God i could tell you a hundred chefs i've passed in my career that don't deserve their title and are none of the above. It is to general to say we are all 1 step from insanity, obsessive compulsive and antisocial!!!   I am all three and put that down to my success, but boy does it mess up my social life, when they mix together.

Mark


----------



## rat (Mar 2, 2006)

remember part of being a good chef is people skills, you are not a subculture just working in a profession that is stuck in the stone age when it comes to machimiso and taking one for the team. You feel alienated because most people have normal lives, you and I do not.


----------



## allanmcpherson (Apr 5, 2007)

Sometimes I think that this outsider mentality we develope is like a mental defense mechanism. A way of coping with the poor wages, lack of appreciation, and the general physical breakdown that you go through. The whole few, proud, and brave kind of posturing. Its kind of like how we call nerve damage in our fingertips lossing your heat.

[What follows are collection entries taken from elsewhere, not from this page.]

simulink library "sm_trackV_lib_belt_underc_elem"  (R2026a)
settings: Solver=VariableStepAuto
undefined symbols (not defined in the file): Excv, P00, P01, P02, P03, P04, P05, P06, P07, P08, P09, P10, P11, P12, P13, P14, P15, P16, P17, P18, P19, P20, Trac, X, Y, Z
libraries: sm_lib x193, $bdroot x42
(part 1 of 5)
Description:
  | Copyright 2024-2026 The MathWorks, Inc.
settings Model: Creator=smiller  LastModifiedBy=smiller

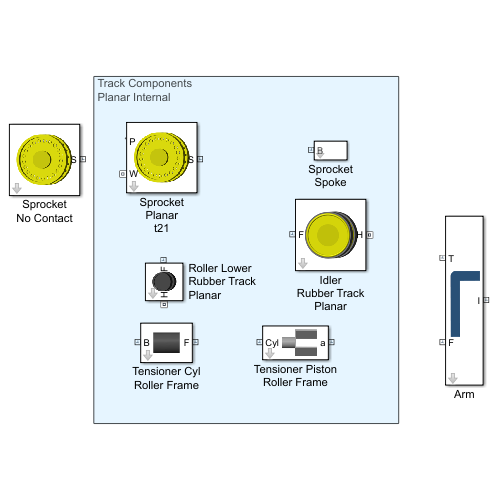
[thumbnail: Simulink's stored preview of the top-level diagram]
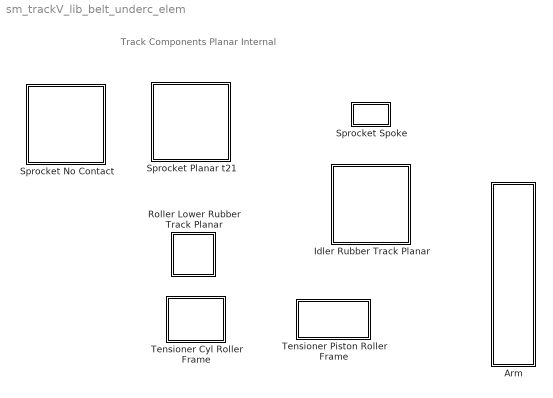
== system sm_trackV_lib_belt_underc_elem ==
  note: Track Components
      | Planar Internal
  Arm : Subsystem  mask(Idler Arm, Tracked Vehicle){arm_idlerc=Trac.IdlerArm.Pivot_to_Idler, arm_tens_x=Trac.IdlerArm.Pivot_to_TensionerX, arm_tens_y=Trac.IdlerArm.Pivot_to_TensionerY, arm_wid=Trac.IdlerArm.wid, arm_thk=Trac.IdlerArm.thk, arm_rho=Trac.IdlerArm.rho, arm_clr=Trac.IdlerArm.clr, arm_opc=Trac.IdlerArm.opc}
      mask prompts: arm_idlerc "Offset Pivot to Idler Center (m)"; arm_tens_x "Offset Pivot to Tensioner Long.  (m)"; arm_tens_y "Offset Pivot to Tensioner Vert.  (m)"; arm_wid "Idler Arm Width (m)"; arm_thk "Idler Arm Thickness (m)"; arm_rho "Idler Arm Density (kg/m^3)"; arm_clr "Idler Arm Color [R G B] (0-1)"; arm_opc "Idler Arm Opacity (0-1)"
      mask help: Models hinged idler arm for tracked vehicle. Connects idler wheel rotation axis to pivot point on lower frame and tensioner bracket.
      mask init:
      | upDown = 180*(ge(arm_tens_y,0));
      mask DialogControl Container4 Prompt: Idler Arm
      mask Display: image('sm_idler_arm_IMAGE.png')
  Idler Rubber Track Planar : Subsystem  mask(Idler, Belt Track, Planar Contact){idler_rad=Trac.IdlerF.rad, idler_len=Trac.IdlerF.len, wheel_clr=Trac.IdlerF.Wheel.clr, rim_rad=Trac.IdlerF.Rim.rad, rim_hub_rad=Trac.IdlerF.Rim.hub_rad, rim_xc=Trac.IdlerF.Rim.rim_xc, idler_rho=Trac.IdlerF.rho, idler_opc=Trac.IdlerF.opc, idler_clr=Trac.IdlerF.clr, idler_axle_rad=Trac.IdlerF.Axle.rad, idler_axle_len=Trac.IdlerF.Axle.len, idler_axle_rho=Trac.IdlerF.Axle.rho, idler_axle_opc=Trac.IdlerF.Axle.opc, idler_axle_clr=Trac.IdlerF.Axle.clr, idler_contgeo_clr=Trac.IdlerF.belt_contact.clr, idler_contgeo_opc=Trac.IdlerF.belt_contact.opc}
      mask prompts: idler_rad "Radius (m)"; idler_len "Length (m)"; wheel_clr "Wheel Color [R G B] (0-1)"; rim_rad "Radius (m)"; rim_hub_rad "Hub Radius (m)"; rim_xc "Cross Section [x y] (m)"; idler_rho "Density (kg/m^3)"; idler_opc "Opacity (0-1)"; idler_clr "Color [R G B] (0-1)"; idler_axle_rad "Radius (m)"; idler_axle_len "Length (m)"; idler_axle_rho "Density (kg/m^3)"; idler_axle_opc "Opacity (0-1)"; idler_axle_clr "Color [R G B] (0-1)"; idler_contgeo_clr "Color [R G B] (0-1)"; idler_contgeo_opc "Opacity (0-1)"
      mask help: Models idler on a rubber belt. Includes gap so lugs on belt can pass between rollers. Contact geometry assumes contact with belt is planar.
      mask init:
      | wheel_xc = [...
      |             rim_rad     -idler_len/2;
      |             idler_rad   -idler_len/2;
      |             idler_rad   idler_len/2;
      |             rim_rad     idler_len/2;
      |             ];
      mask DialogControl cont_idler_roller Prompt: Roller
      mask DialogControl cont_roller_rim Prompt: Rim
      mask DialogControl cont_idler_axle Prompt: Axle
      mask DialogControl cont_contact_geo_lower Prompt: Contact Geometry
      mask Display: image('sm_belt_idler_IMAGE.png');
  Roller Lower Rubber Track Planar : Subsystem  mask(Lower Roller, Belt Track, Planar Contact){roller_lower_rad=Trac.Roller.Lower.rad, roller_lower_len=Trac.Roller.Lower.len, roller_lower_rho=Trac.Roller.Lower.rho, roller_lower_clr=Trac.Roller.Lower.clr, roller_lower_opc=Trac.Roller.Lower.opc, roller_lower_rim_thk=Trac.Roller.Lower.rim_thk, roller_lower_rim_len=Trac.Roller.Lower.rim_len, roller_lower_axle_rad=Trac.Roller.Lower.Axle.rad, roller_lower_axle_len=Trac.Roller.Lower.Axle.len, roller_lower_axle_rho=Trac.Roller.Lower.Axle.rho, roller_lower_axle_opc=Trac.Roller.Lower.Axle.opc, roller_lower_axle_clr=Trac.Roller.Lower.Axle.clr, roller_lower_contgeo_clr=Trac.Roller.Lower.belt_contact.clr, roller_lower_contgeo_opc=Trac.Roller.Lower.belt_contact.opc}
      mask prompts: roller_lower_rad "Radius (m)"; roller_lower_len "Length (m)"; roller_lower_rho "Density (kg/m^3)"; roller_lower_clr "Color [R G B] (0-1)"; roller_lower_opc "Opacity (0-1)"; roller_lower_rim_thk "Thickness (m)"; roller_lower_rim_len "Length (m)"; roller_lower_axle_rad "Radius (m)"; roller_lower_axle_len "Length (m)"; roller_lower_axle_rho "Density (kg/m^3)"; roller_lower_axle_opc "Opacity (0-1)"; roller_lower_axle_clr "Color [R G B] (0-1)"; roller_lower_contgeo_clr "Color [R G B] (0-1)"; roller_lower_contgeo_opc "Opacity (0-1)"
      mask help: Models roller for use on rubber belt. Includes gap so lugs on belt can pass through. Contact geometry assumes contact with belt is planar.
      mask init:
      | roller_xc = [...
      |     0 -roller_lower_len/2+roller_lower_rim_len;...
      |     roller_lower_rad-roller_lower_rim_thk -roller_lower_len/2+roller_lower_rim_len;...
      |     roller_lower_rad-roller_lower_rim_thk -roller_lower_len/2;...
      |     roller_lower_rad                      -roller_lower_len/2;...
      |     roller_lower_rad                       roller_lower_len/2;...
      |     roller_lower_rad-roller_lower_rim_thk  roller_lower_len/2;...
      |     0                                      roller_lower_len/2];
      mask DialogControl cont_roller_lower Prompt: Roller
      mask DialogControl cont_rollerL_rim Prompt: Rim
      mask DialogControl cont_roller_lower_axle Prompt: Axle
      mask DialogControl cont_contact_geo_lower Prompt: Contact Geometry
      mask Display: image('sm_belt_roller_IMAGE.png');
  Sprocket No Contact : Subsystem  mask(Sprocket Wheel, Belt Track, Planar Contact){sprk_wid_roll=Trac.Sprocket.Roller.wid, sprk_rad_roll=Trac.Sprocket.Roller.rad, sprk_opc=Trac.Sprocket.Roller.opc, sprk_clr=Trac.Sprocket.Roller.clr, sprk_rad_pitch=Trac.Sprocket.Spoke.pitch_rad, sprk_spoke_rad=Trac.Sprocket.Spoke.rad, sprk_spoke_len=Trac.Sprocket.Spoke.len, sprk_spoke_num=Trac.Sprocket.nSpokes, sprk_spoke_clr=Trac.Sprocket.Spoke.clr, sprk_spoke_opc=Trac.Sprocket.Spoke.opc, rim_spoke_xc=Trac.Sprocket.Rim.spoke_xc, rim_thk=Trac.Sprocket.Rim.thk, rim_ir=Trac.Sprocket.Rim.rad_inner}
      mask prompts: sprk_wid_roll "Roller Width (m)"; sprk_rad_roll "Rolling Radius (m)"; sprk_opc "Roller Opacity (0-1)"; sprk_clr "Roller Color [R G B] (0-1)"; sprk_rad_pitch "Pitch Radius (m)"; sprk_spoke_rad "Radius (m)"; sprk_spoke_len "Length (m)"; sprk_spoke_num "Number of Spokes"; sprk_spoke_clr "Spoke Color [R G B] (0-1)"; sprk_spoke_opc "Spoke Opacity (0-1)"; rim_spoke_xc "Spoke Cross Section [x y] (m)"; rim_thk "Thickness (m)"; rim_ir "Inner Radius (m)"
      mask help: Models sprocket for belt track. Pins contact lugs on belt, rollers contact belt. Contact geometry assumes contact with belt and lugs is planar.
      mask DialogControl cont_sprkt Prompt: Sprocket
      mask DialogControl cont_sprk_roller Prompt: Roller
      mask DialogControl cont_sprk_spoke Prompt: Spoke
      mask DialogControl cont_sprk_rim Prompt: Rim
      mask Display: image('sm_belt_sprocket_IMAGE.png')
  Sprocket Planar t21 : Subsystem  mask(Sprocket Wheel, Belt Track, Planar Contact){sprk_wid_roll=Trac.Sprocket.Roller.wid, sprk_rad_roll=Trac.Sprocket.Roller.rad, sprk_opc=Trac.Sprocket.Roller.opc, sprk_clr=Trac.Sprocket.Roller.clr, sprk_rad_pitch=Trac.Sprocket.Spoke.pitch_rad, sprk_spoke_rad=Trac.Sprocket.Spoke.rad, sprk_spoke_len=Trac.Sprocket.Spoke.len, sprk_spoke_num=Trac.Sprocket.nSpokes, sprk_spoke_clr=Trac.Sprocket.Spoke.clr, sprk_spoke_opc=Trac.Sprocket.Spoke.opc, rim_spoke_xc=Trac.Sprocket.Rim.spoke_xc, rim_thk=Trac.Sprocket.Rim.thk, rim_ir=Trac.Sprocket.Rim.rad_inner, sprk_contgeo_roller_clr=Trac.Sprocket.roller_contact.clr, sprk_contgeo_roller_opc=Trac.Sprocket.roller_contact.opc, sprk_contgeo_spoke_clr=Trac.Sprocket.spoke_contact.clr, sprk_contgeo_spoke_opc=Trac.Sprocket.spoke_contact.opc}
      mask prompts: sprk_wid_roll "Roller Width (m)"; sprk_rad_roll "Rolling Radius (m)"; sprk_opc "Roller Opacity (0-1)"; sprk_clr "Roller Color [R G B] (0-1)"; sprk_rad_pitch "Pitch Radius (m)"; sprk_spoke_rad "Radius (m)"; sprk_spoke_len "Length (m)"; sprk_spoke_num "Number of Spokes"; sprk_spoke_clr "Spoke Color [R G B] (0-1)"; sprk_spoke_opc "Spoke Opacity (0-1)"; rim_spoke_xc "Spoke Cross Section [x y] (m)"; rim_thk "Thickness (m)"; rim_ir "Inner Radius (m)"; sprk_contgeo_roller_clr "Roller Color [R G B] (0-1)"; sprk_contgeo_roller_opc "Roller Opacity (0-1)"; sprk_contgeo_spoke_clr "Spoke Color [R G B] (0-1)"; sprk_contgeo_spoke_opc "Spoke Opacity (0-1)"
      mask help: Models sprocket for belt track. Pins contact lugs on belt, rollers contact belt. Contact geometry assumes contact with belt and lugs is planar.
      mask DialogControl cont_sprkt Prompt: Sprocket
      mask DialogControl cont_sprk_roller Prompt: Roller
      mask DialogControl cont_sprk_spoke Prompt: Spoke
      mask DialogControl cont_sprk_rim Prompt: Rim
      mask DialogControl cont_sprk_contgeo Prompt: Contact Geometry
      mask Display: image('sm_belt_sprocket_IMAGE.png')
  Sprocket Spoke : Subsystem  mask(Spoke on Sprocket Wheel){spoke_xc=Trac.Sprocket.xc_spoke, spoke_thk=Trac.Sprocket.spoke_thk, spoke_clr=Trac.Sprocket.Roller.clr, spoke_opc=Trac.Sprocket.Roller.opc, sprk_pin_len=Trac.Sprocket.Spoke.len}
      mask prompts: spoke_xc "Spoke Cross-Section [x y] (m)"; spoke_thk "Spoke Thickness (m)"; spoke_clr "Spoke Color [R G B] (0-1)"; spoke_opc "Spoke Color (0-1)"; sprk_pin_len "Sprocket Pin Length (m)"
      mask help: Models geometry of spoke in sprocket wheel. Spoke has pin at midpoint outer edge.
      mask init:
      | spoke_offset = (sprk_pin_len+spoke_thk)/2;
      mask TypeOptions spoke_xc: Spoke nz/ExtrusionCrossSection | Spoke pz/ExtrusionCrossSection
      mask TypeOptions spoke_thk: Spoke nz/ExtrusionLength | Spoke pz/ExtrusionLength
      mask TypeOptions spoke_clr: Spoke nz/GraphicDiffuseColor | Spoke pz/GraphicDiffuseColor
      mask TypeOptions spoke_opc: Spoke nz/GraphicOpacity | Spoke pz/GraphicOpacity
  Tensioner Cyl Roller Frame : Subsystem  mask(Tensioner Cylinder){cyl_rad=Excv.Idler.Tensioner.cyl.rad, cyl_len=Excv.Idler.Tensioner.cyl.len, cyl_rho=Excv.Idler.Tensioner.cyl.rho, cyl_clr=Excv.Idler.Tensioner.cyl.clr, cyl_opc=Excv.Idler.Tensioner.cyl.opc}
      mask prompts: cyl_rad "Radius (m)"; cyl_len "Length (m)"; cyl_rho "Density (kg/m^3)"; cyl_clr "Color [R G B] (0-1)"; cyl_opc "Opacity (0-1)"
      mask help: Models tensioner cylinder in undercarriage.
      mask DialogControl cont_cyl Prompt: Cylinder
      mask Display: image('sm_chain_tensioner_cyl_IMAGE.png');
  Tensioner Piston Roller Frame : Subsystem  mask(Tensioner Piston and Bracket){pist_rad=Excv.Idler.Tensioner.piston.rad, pist_len=Excv.Idler.Tensioner.piston.len, pist_rho=Excv.Idler.Tensioner.piston.rho, pist_clr=Excv.Idler.Tensioner.piston.clr, pist_opc=Excv.Idler.Tensioner.piston.opc, br_height=Excv.Idler.Tensioner.bracket.height, br_length=Excv.Idler.Tensioner.bracket.len, br_width=Excv.Idler.Tensioner.bracket.wid, br_rho=Excv.Idler.Tensioner.bracket.rho, br_thk=Excv.Idler.Tensioner.bracket.thk, br_clr=Excv.Idler.Tensioner.bracket.clr, br_opc=Excv.Idler.Tensioner.bracket.opc}
      mask prompts: pist_rad "Radius (m)"; pist_len "Length (m)"; pist_rho "Density (kg/m^3)"; pist_clr "Color [R G B] (0-1)"; pist_opc "Opacity (0.1)"; br_height "Height (m)"; br_length "Length (m)"; br_width "Width (m)"; br_rho "Density (kg/m^3)"; br_thk "Thickness (m)"; br_clr "Color [R G B] (0-1)"; br_opc "Opacity (0.1)"
      mask help: Models tensioner piston and bracket in undercarriage.
      mask DialogControl cont_piston Prompt: Piston
      mask DialogControl cont_bracket Prompt: Bracket
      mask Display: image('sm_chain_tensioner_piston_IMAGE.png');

Whatever the reason, there is a very real sense of fidelity between cooks. I have found myself fast friends with people that I have nothing in common with except the job. One of my favourite things now is cooking at home with another chef. Even in a home kitchen (and to be totally honest my is pretty tricked out) just jamming with somebody who knows how to move, is aware of what is going on around them, can pick up on what I am doing,with a glance or grunt, well thats my perfect night.

Al


----------



## cacioepepe (Apr 3, 2011)

Well I guess you have to ask whats the norm. A 9-5? Weekends off? Suit and tie? There are plenty of other occupations that have off hours, low pay and intense environments like kitchens. I can imagine the transit workers of MUNI and BART have similar experiences as we do. Maybe the folks at PG&E and CalTrans, cops, firefighters, nurses, doctors, ambulance drivers, security guards, truck drivers, dock workers, etc are saying the same thing we are right now. I have plenty of friends who have a 'rock star' life, but are in normal jobs. I also have friends who are on a normal schedule because, well they have normal jobs.

I don't particularly like the subculture tag because, like Allan said above, its just a way to separate ourselves from 'the norm', when in my opinion, we're not that different. Yes, we like knives and fire, can break down chickens and poach an egg and can go on about the best way to emulsify sausage, but its no different than any other industry of people who care about what they do. By separating and thinking we're special, we validates our decisions in our head, whatever those decisions might be. It's like hipsters trying to separate themselves from the yuppies. Just because you ride a fixed gear bike, have a long beard and wear cut off jean shorts doesnt _necessarily_ make you different, you're just wearing a different uniform.

I just rambled...I'm not even sure what I just said made sense.


----------